## The input
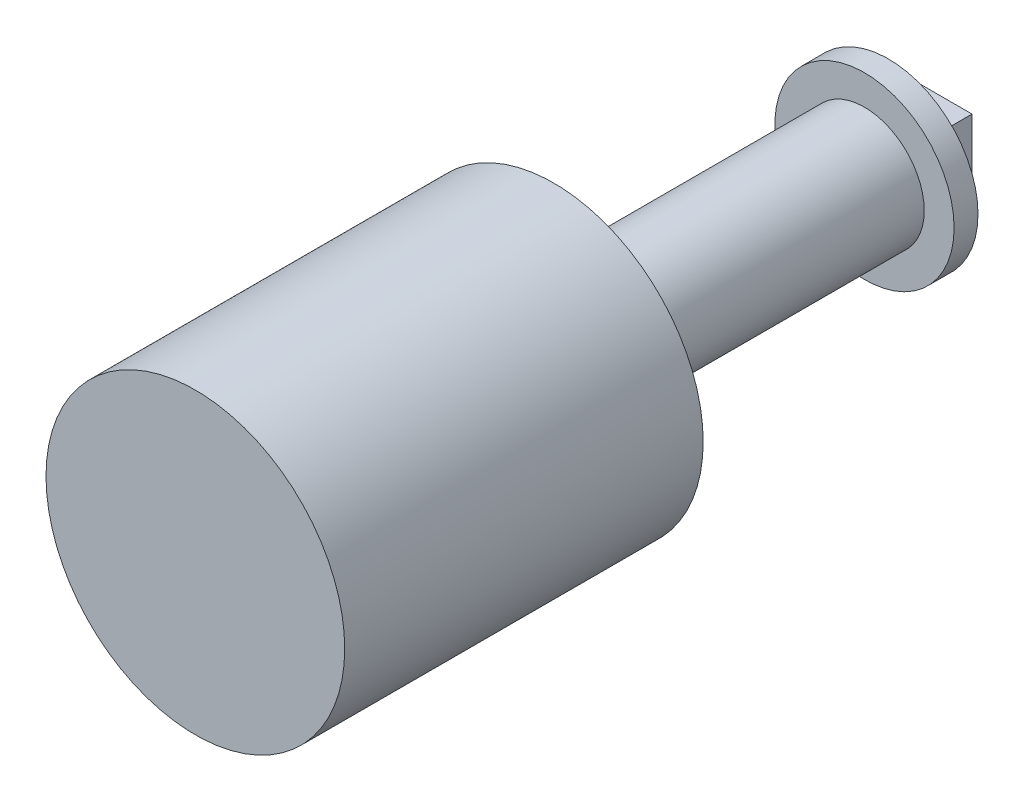
from build123d import *

# Parameters (mm, degrees)
SKETCH_1_R          = 12.5
EXTRUDE_1_DEPTH     = 30
SKETCH_4_R          = 1.5
CUT_EXTRUDE_1_DEPTH = 0.5
SKETCH_3_W          = 6
SKETCH_3_H          = 6
EXTRUDE_2_DEPTH     = 4


with BuildPart() as part:
    # 草图1 → 凸台-拉伸1 (new body)
    with BuildSketch(Plane.XY):
        Circle(SKETCH_1_R)
    extrude(amount=EXTRUDE_1_DEPTH)

    # 草图4 → 切除-拉伸1 (cut)
    with BuildSketch(Plane(origin=(0, 0, 0), x_dir=(-1, 0, 0), z_dir=(0, 0, -1))):
        with Locations((-8.5, 0)):
            Circle(SKETCH_4_R)
        with Locations(Location((8.5, 0, 0), (0, 0, 180))):
            Circle(SKETCH_4_R)
    extrude(amount=-CUT_EXTRUDE_1_DEPTH, mode=Mode.SUBTRACT)

    # 草图2 → 旋转2 (revolve)
    with BuildSketch(Plane(origin=(0, 0, 0), x_dir=(1, 0, 0), z_dir=(0, 1, 0))):
        Polygon((5, 28), (0, 28), (0, 0), (0.75, 0), (0.75, 5), (5, 5), (5, 26), (7.5, 26), (7.5, 28), align=None)
    revolve(axis=Axis((0, 0, 1000), (0, 0, -1)))

    # 草图3 → 凸台-拉伸2 (add)
    with BuildSketch(Plane(origin=(0, 0, -28), x_dir=(-1, 0, 0), z_dir=(0, 0, -1))):
        Rectangle(SKETCH_3_W, SKETCH_3_H)
    extrude(amount=EXTRUDE_2_DEPTH)


solid = part.part
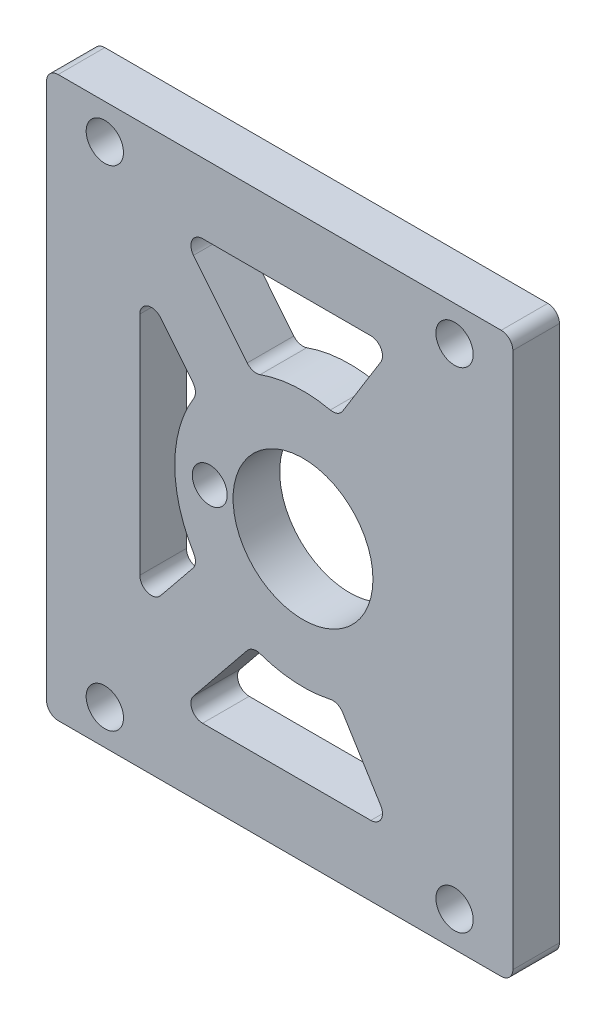
from build123d import *

# Parameters (mm, degrees)
SKETCH_1_W          = 40
SKETCH_1_H          = 48
SKETCH_1_R          = 1.6
SKETCH_1_R_2        = 6
EXTRUDE_1_DEPTH     = 4
SKETCH_3_R          = 1.5
CUT_EXTRUDE_1_DEPTH = 63.60990337
CUT_EXTRUDE_2_DEPTH = 10
FILLET_1_R          = 1


with BuildPart() as part:
    # ｽｹｯﾁ1 → ﾎﾞｽ - 押し出し1 (new body)
    with BuildSketch(Plane.XY):
        with Locations((20, 24)):
            Rectangle(SKETCH_1_W, SKETCH_1_H)
        with Locations((5, 45)):
            Circle(SKETCH_1_R, mode=Mode.SUBTRACT)
        with Locations((5, 3)):
            Circle(SKETCH_1_R, mode=Mode.SUBTRACT)
        with Locations((35, 45)):
            Circle(SKETCH_1_R, mode=Mode.SUBTRACT)
        with Locations((35, 3)):
            Circle(SKETCH_1_R, mode=Mode.SUBTRACT)
        with Locations((22, 24)):
            Circle(SKETCH_1_R_2, mode=Mode.SUBTRACT)
    extrude(amount=EXTRUDE_1_DEPTH)

    # ｽｹｯﾁ3 → ｶｯﾄ - 押し出し1 (cut, through all)
    with BuildSketch(Plane.XY.offset(4)):
        with Locations((14, 24)):
            Circle(SKETCH_3_R)
    extrude(amount=-CUT_EXTRUDE_1_DEPTH, mode=Mode.SUBTRACT)

    # ｽｹｯﾁ4 → ｶｯﾄ - 押し出し2 (cut)
    with BuildSketch(Plane(origin=(0, 0, 0), x_dir=(-1, 0, 0), z_dir=(0, 0, -1))):
        with BuildLine():
            Line((-29.61454599, 42), (-25.019618207, 34.57742435))
            ThreePointArc((-25.019618207, 34.57742435), (-21.306285158, 34.978103649), (-17.672926458, 34.113181229))
            Line((-17.672926458, 34.113181229), (-11.288358882, 42))
            Line((-11.288358882, 42), (-29.61454599, 42))
        make_face()
        with BuildLine():
            ThreePointArc((-11, 24), (-11.514391519, 20.675542933), (-13.009457234, 17.662008143))
            Line((-13.009457234, 17.662008143), (-8, 11.473855089))
            Line((-8, 11.473855089), (-8, 36.526144911))
            Line((-8, 36.526144911), (-13.009457234, 30.337991857))
            ThreePointArc((-13.009457234, 30.337991857), (-11.514391519, 27.324457067), (-11, 24))
        make_face()
        with BuildLine():
            ThreePointArc((-17.672926458, 13.886818771), (-21.306285158, 13.021896351), (-25.019618207, 13.42257565))
            Line((-25.019618207, 13.42257565), (-29.61454599, 6))
            Line((-29.61454599, 6), (-11.288358882, 6))
            Line((-11.288358882, 6), (-17.672926458, 13.886818771))
        make_face()
    extrude(amount=-CUT_EXTRUDE_2_DEPTH, mode=Mode.SUBTRACT)

    # ﾌｨﾚｯﾄ1
    fillet_1_edges = [part.edges().sort_by_distance(p)[0] for p in [
        (13.009457234, 17.662008143, 2),
        (13.009457234, 30.337991857, 2),
        (8, 36.526144911, 2),
        (8, 11.473855089, 2),
        (25.019618207, 13.42257565, 2),
        (17.672926458, 13.886818771, 2),
        (11.288358882, 6, 2),
        (29.61454599, 6, 2),
        (17.672926458, 34.113181229, 2),
        (25.019618207, 34.57742435, 2),
        (29.61454599, 42, 2),
        (11.288358882, 42, 2),
        (0, 48, 2),
        (40, 48, 2),
        (40, 0, 2),
        (0, 0, 2),
    ]]
    fillet(fillet_1_edges, radius=FILLET_1_R)


solid = part.part

## Work instructions
Return the listing above in an exact copy that leaves out the images.

## Written response
from build123d import *

# Parameters (mm, degrees)
SKETCH_1_R          = 12.5
EXTRUDE_1_DEPTH     = 30
SKETCH_4_R          = 1.5
CUT_EXTRUDE_1_DEPTH = 0.5
SKETCH_3_W          = 6
SKETCH_3_H          = 6
EXTRUDE_2_DEPTH     = 4


with BuildPart() as part:
    # 草图1 → 凸台-拉伸1 (new body)
    with BuildSketch(Plane.XY):
        Circle(SKETCH_1_R)
    extrude(amount=EXTRUDE_1_DEPTH)

    # 草图4 → 切除-拉伸1 (cut)
    with BuildSketch(Plane(origin=(0, 0, 0), x_dir=(-1, 0, 0), z_dir=(0, 0, -1))):
        with Locations((-8.5, 0)):
            Circle(SKETCH_4_R)
        with Locations(Location((8.5, 0, 0), (0, 0, 180))):
            Circle(SKETCH_4_R)
    extrude(amount=-CUT_EXTRUDE_1_DEPTH, mode=Mode.SUBTRACT)

    # 草图2 → 旋转2 (revolve)
    with BuildSketch(Plane(origin=(0, 0, 0), x_dir=(1, 0, 0), z_dir=(0, 1, 0))):
        Polygon((5, 28), (0, 28), (0, 0), (0.75, 0), (0.75, 5), (5, 5), (5, 26), (7.5, 26), (7.5, 28), align=None)
    revolve(axis=Axis((0, 0, 1000), (0, 0, -1)))

    # 草图3 → 凸台-拉伸2 (add)
    with BuildSketch(Plane(origin=(0, 0, -28), x_dir=(-1, 0, 0), z_dir=(0, 0, -1))):
        Rectangle(SKETCH_3_W, SKETCH_3_H)
    extrude(amount=EXTRUDE_2_DEPTH)


solid = part.part
from build123d import *

# Parameters (mm, degrees)
SKETCH_1_W          = 40
SKETCH_1_H          = 48
SKETCH_1_R          = 1.6
SKETCH_1_R_2        = 6
EXTRUDE_1_DEPTH     = 4
SKETCH_3_R          = 1.5
CUT_EXTRUDE_1_DEPTH = 63.60990337
CUT_EXTRUDE_2_DEPTH = 10
FILLET_1_R          = 1


with BuildPart() as part:
    # ｽｹｯﾁ1 → ﾎﾞｽ - 押し出し1 (new body)
    with BuildSketch(Plane.XY):
        with Locations((20, 24)):
            Rectangle(SKETCH_1_W, SKETCH_1_H)
        with Locations((5, 45)):
            Circle(SKETCH_1_R, mode=Mode.SUBTRACT)
        with Locations((5, 3)):
            Circle(SKETCH_1_R, mode=Mode.SUBTRACT)
        with Locations((35, 45)):
            Circle(SKETCH_1_R, mode=Mode.SUBTRACT)
        with Locations((35, 3)):
            Circle(SKETCH_1_R, mode=Mode.SUBTRACT)
        with Locations((22, 24)):
            Circle(SKETCH_1_R_2, mode=Mode.SUBTRACT)
    extrude(amount=EXTRUDE_1_DEPTH)

    # ｽｹｯﾁ3 → ｶｯﾄ - 押し出し1 (cut, through all)
    with BuildSketch(Plane.XY.offset(4)):
        with Locations((14, 24)):
            Circle(SKETCH_3_R)
    extrude(amount=-CUT_EXTRUDE_1_DEPTH, mode=Mode.SUBTRACT)

    # ｽｹｯﾁ4 → ｶｯﾄ - 押し出し2 (cut)
    with BuildSketch(Plane(origin=(0, 0, 0), x_dir=(-1, 0, 0), z_dir=(0, 0, -1))):
        with BuildLine():
            Line((-29.61454599, 42), (-25.019618207, 34.57742435))
            ThreePointArc((-25.019618207, 34.57742435), (-21.306285158, 34.978103649), (-17.672926458, 34.113181229))
            Line((-17.672926458, 34.113181229), (-11.288358882, 42))
            Line((-11.288358882, 42), (-29.61454599, 42))
        make_face()
        with BuildLine():
            ThreePointArc((-11, 24), (-11.514391519, 20.675542933), (-13.009457234, 17.662008143))
            Line((-13.009457234, 17.662008143), (-8, 11.473855089))
            Line((-8, 11.473855089), (-8, 36.526144911))
            Line((-8, 36.526144911), (-13.009457234, 30.337991857))
            ThreePointArc((-13.009457234, 30.337991857), (-11.514391519, 27.324457067), (-11, 24))
        make_face()
        with BuildLine():
            ThreePointArc((-17.672926458, 13.886818771), (-21.306285158, 13.021896351), (-25.019618207, 13.42257565))
            Line((-25.019618207, 13.42257565), (-29.61454599, 6))
            Line((-29.61454599, 6), (-11.288358882, 6))
            Line((-11.288358882, 6), (-17.672926458, 13.886818771))
        make_face()
    extrude(amount=-CUT_EXTRUDE_2_DEPTH, mode=Mode.SUBTRACT)

    # ﾌｨﾚｯﾄ1
    fillet_1_edges = [part.edges().sort_by_distance(p)[0] for p in [
        (13.009457234, 17.662008143, 2),
        (13.009457234, 30.337991857, 2),
        (8, 36.526144911, 2),
        (8, 11.473855089, 2),
        (25.019618207, 13.42257565, 2),
        (17.672926458, 13.886818771, 2),
        (11.288358882, 6, 2),
        (29.61454599, 6, 2),
        (17.672926458, 34.113181229, 2),
        (25.019618207, 34.57742435, 2),
        (29.61454599, 42, 2),
        (11.288358882, 42, 2),
        (0, 48, 2),
        (40, 48, 2),
        (40, 0, 2),
        (0, 0, 2),
    ]]
    fillet(fillet_1_edges, radius=FILLET_1_R)


solid = part.part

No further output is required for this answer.